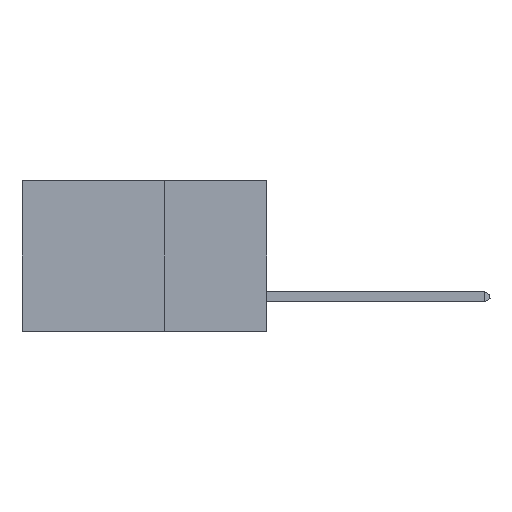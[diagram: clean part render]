
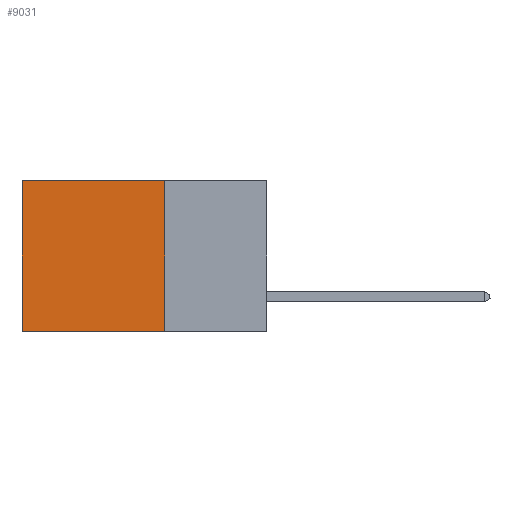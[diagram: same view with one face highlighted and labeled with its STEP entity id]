
A CAD part, left-side view. The second image highlights one B-rep face of the part: STEP entity #9031.
In plain terms, the highlighted planar face has unit normal (-1, 0, 0).
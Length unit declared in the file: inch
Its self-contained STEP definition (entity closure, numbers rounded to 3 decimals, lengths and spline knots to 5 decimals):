
#379 = CARTESIAN_POINT ( 'NONE',  ( 0.2875, 0.6, 0. ) ) ;
#1601 = DIRECTION ( 'NONE',  ( 1., 0., 0. ) ) ;
#1689 = LINE ( 'NONE', #5564, #4680 ) ;
#3179 = EDGE_CURVE ( 'NONE', #16163, #7755, #1689, .T. ) ;
#3401 = VECTOR ( 'NONE', #13941, 39.37008 ) ;
#3693 = DIRECTION ( 'NONE',  ( 0., 1., 0. ) ) ;
#4094 = VERTEX_POINT ( 'NONE', #6724 ) ;
#4188 = DIRECTION ( 'NONE',  ( 0., 0., -1. ) ) ;
#4248 = DIRECTION ( 'NONE',  ( 0., 0., -1. ) ) ;
#4680 = VECTOR ( 'NONE', #3693, 39.37008 ) ;
#5461 = PLANE ( 'NONE',  #7013 ) ;
#5530 = EDGE_LOOP ( 'NONE', ( #9324, #13651, #21202, #5857 ) ) ;
#5564 = CARTESIAN_POINT ( 'NONE',  ( 0.2875, 0.25, -0.37 ) ) ;
#5857 = ORIENTED_EDGE ( 'NONE', *, *, #21518, .T. ) ;
#5927 = EDGE_CURVE ( 'NONE', #4094, #16163, #6016, .T. ) ;
#6016 = LINE ( 'NONE', #23537, #12308 ) ;
#6368 = EDGE_CURVE ( 'NONE', #7767, #7755, #18008, .T. ) ;
#6724 = CARTESIAN_POINT ( 'NONE',  ( 0.2875, 0.25, 0. ) ) ;
#7013 = AXIS2_PLACEMENT_3D ( 'NONE', #24537, #1601, #17002 ) ;
#7755 = VERTEX_POINT ( 'NONE', #21836 ) ;
#7767 = VERTEX_POINT ( 'NONE', #9926 ) ;
#9031 = ADVANCED_FACE ( 'NONE', ( #22813 ), #5461, .F. ) ;
#9324 = ORIENTED_EDGE ( 'NONE', *, *, #6368, .T. ) ;
#9926 = CARTESIAN_POINT ( 'NONE',  ( 0.2875, 0.6, 0. ) ) ;
#12308 = VECTOR ( 'NONE', #4188, 39.37008 ) ;
#13651 = ORIENTED_EDGE ( 'NONE', *, *, #3179, .F. ) ;
#13941 = DIRECTION ( 'NONE',  ( 0., 1., 0. ) ) ;
#15664 = LINE ( 'NONE', #23102, #3401 ) ;
#16163 = VERTEX_POINT ( 'NONE', #17821 ) ;
#17002 = DIRECTION ( 'NONE',  ( 0., 0., -1. ) ) ;
#17821 = CARTESIAN_POINT ( 'NONE',  ( 0.2875, 0.25, -0.37 ) ) ;
#18008 = LINE ( 'NONE', #379, #24268 ) ;
#21202 = ORIENTED_EDGE ( 'NONE', *, *, #5927, .F. ) ;
#21518 = EDGE_CURVE ( 'NONE', #4094, #7767, #15664, .T. ) ;
#21836 = CARTESIAN_POINT ( 'NONE',  ( 0.2875, 0.6, -0.37 ) ) ;
#22813 = FACE_OUTER_BOUND ( 'NONE', #5530, .T. ) ;
#23102 = CARTESIAN_POINT ( 'NONE',  ( 0.2875, 0.25, 0. ) ) ;
#23537 = CARTESIAN_POINT ( 'NONE',  ( 0.2875, 0.25, 0. ) ) ;
#24268 = VECTOR ( 'NONE', #4248, 39.37008 ) ;
#24537 = CARTESIAN_POINT ( 'NONE',  ( 0.2875, 0.25, 0. ) ) ;
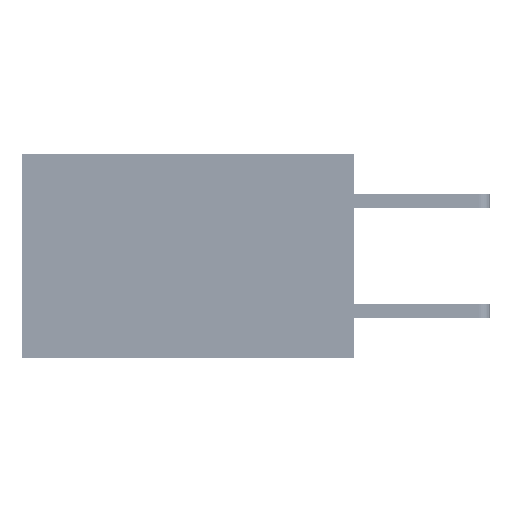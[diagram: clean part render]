
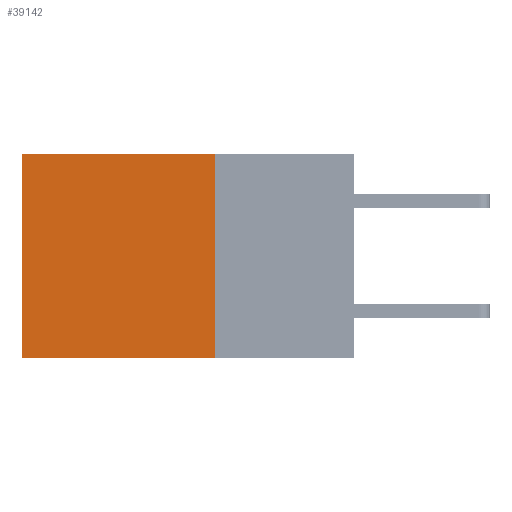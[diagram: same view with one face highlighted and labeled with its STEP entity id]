
A CAD part, left-side view. The second image highlights one B-rep face of the part: STEP entity #39142.
In plain terms, the highlighted planar face has unit normal (-1, 0, 0).
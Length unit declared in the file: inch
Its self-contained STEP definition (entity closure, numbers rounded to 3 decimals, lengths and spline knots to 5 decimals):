
#1242 = LINE ( 'NONE', #8253, #19197 ) ;
#2023 = DIRECTION ( 'NONE',  ( 0., 0., -1. ) ) ;
#3134 = ORIENTED_EDGE ( 'NONE', *, *, #8903, .T. ) ;
#5486 = VERTEX_POINT ( 'NONE', #22335 ) ;
#5530 = CARTESIAN_POINT ( 'NONE',  ( 0.2875, 0.25, 0. ) ) ;
#6409 = CARTESIAN_POINT ( 'NONE',  ( 0.2875, 0.25, -0.37 ) ) ;
#8253 = CARTESIAN_POINT ( 'NONE',  ( 0.2875, 0.25, 0. ) ) ;
#8602 = FACE_OUTER_BOUND ( 'NONE', #20206, .T. ) ;
#8903 = EDGE_CURVE ( 'NONE', #27580, #10544, #1242, .T. ) ;
#10544 = VERTEX_POINT ( 'NONE', #36114 ) ;
#12325 = VERTEX_POINT ( 'NONE', #34517 ) ;
#13961 = EDGE_CURVE ( 'NONE', #12325, #5486, #39747, .T. ) ;
#16474 = VECTOR ( 'NONE', #22705, 39.37008 ) ;
#16516 = DIRECTION ( 'NONE',  ( 0., 1., 0. ) ) ;
#18583 = EDGE_CURVE ( 'NONE', #10544, #5486, #38093, .T. ) ;
#19197 = VECTOR ( 'NONE', #28444, 39.37008 ) ;
#20206 = EDGE_LOOP ( 'NONE', ( #42799, #21553, #24862, #3134 ) ) ;
#20753 = EDGE_CURVE ( 'NONE', #27580, #12325, #25994, .T. ) ;
#21553 = ORIENTED_EDGE ( 'NONE', *, *, #13961, .F. ) ;
#22335 = CARTESIAN_POINT ( 'NONE',  ( 0.2875, 0.6, -0.37 ) ) ;
#22705 = DIRECTION ( 'NONE',  ( 0., 0., -1. ) ) ;
#24862 = ORIENTED_EDGE ( 'NONE', *, *, #20753, .F. ) ;
#25501 = PLANE ( 'NONE',  #38809 ) ;
#25794 = CARTESIAN_POINT ( 'NONE',  ( 0.2875, 0.25, 0. ) ) ;
#25994 = LINE ( 'NONE', #25794, #16474 ) ;
#27580 = VERTEX_POINT ( 'NONE', #43127 ) ;
#27801 = DIRECTION ( 'NONE',  ( 0., 0., -1. ) ) ;
#28444 = DIRECTION ( 'NONE',  ( 0., 1., 0. ) ) ;
#29534 = VECTOR ( 'NONE', #27801, 39.37008 ) ;
#31712 = CARTESIAN_POINT ( 'NONE',  ( 0.2875, 0.6, 0. ) ) ;
#34517 = CARTESIAN_POINT ( 'NONE',  ( 0.2875, 0.25, -0.37 ) ) ;
#36114 = CARTESIAN_POINT ( 'NONE',  ( 0.2875, 0.6, 0. ) ) ;
#36641 = VECTOR ( 'NONE', #16516, 39.37008 ) ;
#38093 = LINE ( 'NONE', #31712, #29534 ) ;
#38809 = AXIS2_PLACEMENT_3D ( 'NONE', #5530, #39078, #2023 ) ;
#39078 = DIRECTION ( 'NONE',  ( 1., 0., 0. ) ) ;
#39142 = ADVANCED_FACE ( 'NONE', ( #8602 ), #25501, .F. ) ;
#39747 = LINE ( 'NONE', #6409, #36641 ) ;
#42799 = ORIENTED_EDGE ( 'NONE', *, *, #18583, .T. ) ;
#43127 = CARTESIAN_POINT ( 'NONE',  ( 0.2875, 0.25, 0. ) ) ;

## Task goal
Print all data above verbatim, except pictures.

## Answer below
[diagram: clean part render]
[diagram: same view with one face highlighted and labeled with its STEP entity id]
A CAD part, left-side view. The second image highlights one B-rep face of the part: STEP entity #9031.
In plain terms, the highlighted planar face has unit normal (-1, 0, 0).
Length unit declared in the file: inch
Its self-contained STEP definition (entity closure, numbers rounded to 3 decimals, lengths and spline knots to 5 decimals):
#379 = CARTESIAN_POINT ( 'NONE',  ( 0.2875, 0.6, 0. ) ) ;
#1601 = DIRECTION ( 'NONE',  ( 1., 0., 0. ) ) ;
#1689 = LINE ( 'NONE', #5564, #4680 ) ;
#3179 = EDGE_CURVE ( 'NONE', #16163, #7755, #1689, .T. ) ;
#3401 = VECTOR ( 'NONE', #13941, 39.37008 ) ;
#3693 = DIRECTION ( 'NONE',  ( 0., 1., 0. ) ) ;
#4094 = VERTEX_POINT ( 'NONE', #6724 ) ;
#4188 = DIRECTION ( 'NONE',  ( 0., 0., -1. ) ) ;
#4248 = DIRECTION ( 'NONE',  ( 0., 0., -1. ) ) ;
#4680 = VECTOR ( 'NONE', #3693, 39.37008 ) ;
#5461 = PLANE ( 'NONE',  #7013 ) ;
#5530 = EDGE_LOOP ( 'NONE', ( #9324, #13651, #21202, #5857 ) ) ;
#5564 = CARTESIAN_POINT ( 'NONE',  ( 0.2875, 0.25, -0.37 ) ) ;
#5857 = ORIENTED_EDGE ( 'NONE', *, *, #21518, .T. ) ;
#5927 = EDGE_CURVE ( 'NONE', #4094, #16163, #6016, .T. ) ;
#6016 = LINE ( 'NONE', #23537, #12308 ) ;
#6368 = EDGE_CURVE ( 'NONE', #7767, #7755, #18008, .T. ) ;
#6724 = CARTESIAN_POINT ( 'NONE',  ( 0.2875, 0.25, 0. ) ) ;
#7013 = AXIS2_PLACEMENT_3D ( 'NONE', #24537, #1601, #17002 ) ;
#7755 = VERTEX_POINT ( 'NONE', #21836 ) ;
#7767 = VERTEX_POINT ( 'NONE', #9926 ) ;
#9031 = ADVANCED_FACE ( 'NONE', ( #22813 ), #5461, .F. ) ;
#9324 = ORIENTED_EDGE ( 'NONE', *, *, #6368, .T. ) ;
#9926 = CARTESIAN_POINT ( 'NONE',  ( 0.2875, 0.6, 0. ) ) ;
#12308 = VECTOR ( 'NONE', #4188, 39.37008 ) ;
#13651 = ORIENTED_EDGE ( 'NONE', *, *, #3179, .F. ) ;
#13941 = DIRECTION ( 'NONE',  ( 0., 1., 0. ) ) ;
#15664 = LINE ( 'NONE', #23102, #3401 ) ;
#16163 = VERTEX_POINT ( 'NONE', #17821 ) ;
#17002 = DIRECTION ( 'NONE',  ( 0., 0., -1. ) ) ;
#17821 = CARTESIAN_POINT ( 'NONE',  ( 0.2875, 0.25, -0.37 ) ) ;
#18008 = LINE ( 'NONE', #379, #24268 ) ;
#21202 = ORIENTED_EDGE ( 'NONE', *, *, #5927, .F. ) ;
#21518 = EDGE_CURVE ( 'NONE', #4094, #7767, #15664, .T. ) ;
#21836 = CARTESIAN_POINT ( 'NONE',  ( 0.2875, 0.6, -0.37 ) ) ;
#22813 = FACE_OUTER_BOUND ( 'NONE', #5530, .T. ) ;
#23102 = CARTESIAN_POINT ( 'NONE',  ( 0.2875, 0.25, 0. ) ) ;
#23537 = CARTESIAN_POINT ( 'NONE',  ( 0.2875, 0.25, 0. ) ) ;
#24268 = VECTOR ( 'NONE', #4248, 39.37008 ) ;
#24537 = CARTESIAN_POINT ( 'NONE',  ( 0.2875, 0.25, 0. ) ) ;
[diagram: clean part render]
[diagram: same view with one face highlighted and labeled with its STEP entity id]
A CAD part, left-side view. The second image highlights one B-rep face of the part: STEP entity #39142.
In plain terms, the highlighted planar face has unit normal (-1, 0, 0).
Length unit declared in the file: inch
Its self-contained STEP definition (entity closure, numbers rounded to 3 decimals, lengths and spline knots to 5 decimals):
#1242 = LINE ( 'NONE', #8253, #19197 ) ;
#2023 = DIRECTION ( 'NONE',  ( 0., 0., -1. ) ) ;
#3134 = ORIENTED_EDGE ( 'NONE', *, *, #8903, .T. ) ;
#5486 = VERTEX_POINT ( 'NONE', #22335 ) ;
#5530 = CARTESIAN_POINT ( 'NONE',  ( 0.2875, 0.25, 0. ) ) ;
#6409 = CARTESIAN_POINT ( 'NONE',  ( 0.2875, 0.25, -0.37 ) ) ;
#8253 = CARTESIAN_POINT ( 'NONE',  ( 0.2875, 0.25, 0. ) ) ;
#8602 = FACE_OUTER_BOUND ( 'NONE', #20206, .T. ) ;
#8903 = EDGE_CURVE ( 'NONE', #27580, #10544, #1242, .T. ) ;
#10544 = VERTEX_POINT ( 'NONE', #36114 ) ;
#12325 = VERTEX_POINT ( 'NONE', #34517 ) ;
#13961 = EDGE_CURVE ( 'NONE', #12325, #5486, #39747, .T. ) ;
#16474 = VECTOR ( 'NONE', #22705, 39.37008 ) ;
#16516 = DIRECTION ( 'NONE',  ( 0., 1., 0. ) ) ;
#18583 = EDGE_CURVE ( 'NONE', #10544, #5486, #38093, .T. ) ;
#19197 = VECTOR ( 'NONE', #28444, 39.37008 ) ;
#20206 = EDGE_LOOP ( 'NONE', ( #42799, #21553, #24862, #3134 ) ) ;
#20753 = EDGE_CURVE ( 'NONE', #27580, #12325, #25994, .T. ) ;
#21553 = ORIENTED_EDGE ( 'NONE', *, *, #13961, .F. ) ;
#22335 = CARTESIAN_POINT ( 'NONE',  ( 0.2875, 0.6, -0.37 ) ) ;
#22705 = DIRECTION ( 'NONE',  ( 0., 0., -1. ) ) ;
#24862 = ORIENTED_EDGE ( 'NONE', *, *, #20753, .F. ) ;
#25501 = PLANE ( 'NONE',  #38809 ) ;
#25794 = CARTESIAN_POINT ( 'NONE',  ( 0.2875, 0.25, 0. ) ) ;
#25994 = LINE ( 'NONE', #25794, #16474 ) ;
#27580 = VERTEX_POINT ( 'NONE', #43127 ) ;
#27801 = DIRECTION ( 'NONE',  ( 0., 0., -1. ) ) ;
#28444 = DIRECTION ( 'NONE',  ( 0., 1., 0. ) ) ;
#29534 = VECTOR ( 'NONE', #27801, 39.37008 ) ;
#31712 = CARTESIAN_POINT ( 'NONE',  ( 0.2875, 0.6, 0. ) ) ;
#34517 = CARTESIAN_POINT ( 'NONE',  ( 0.2875, 0.25, -0.37 ) ) ;
#36114 = CARTESIAN_POINT ( 'NONE',  ( 0.2875, 0.6, 0. ) ) ;
#36641 = VECTOR ( 'NONE', #16516, 39.37008 ) ;
#38093 = LINE ( 'NONE', #31712, #29534 ) ;
#38809 = AXIS2_PLACEMENT_3D ( 'NONE', #5530, #39078, #2023 ) ;
#39078 = DIRECTION ( 'NONE',  ( 1., 0., 0. ) ) ;
#39142 = ADVANCED_FACE ( 'NONE', ( #8602 ), #25501, .F. ) ;
#39747 = LINE ( 'NONE', #6409, #36641 ) ;
#42799 = ORIENTED_EDGE ( 'NONE', *, *, #18583, .T. ) ;
#43127 = CARTESIAN_POINT ( 'NONE',  ( 0.2875, 0.25, 0. ) ) ;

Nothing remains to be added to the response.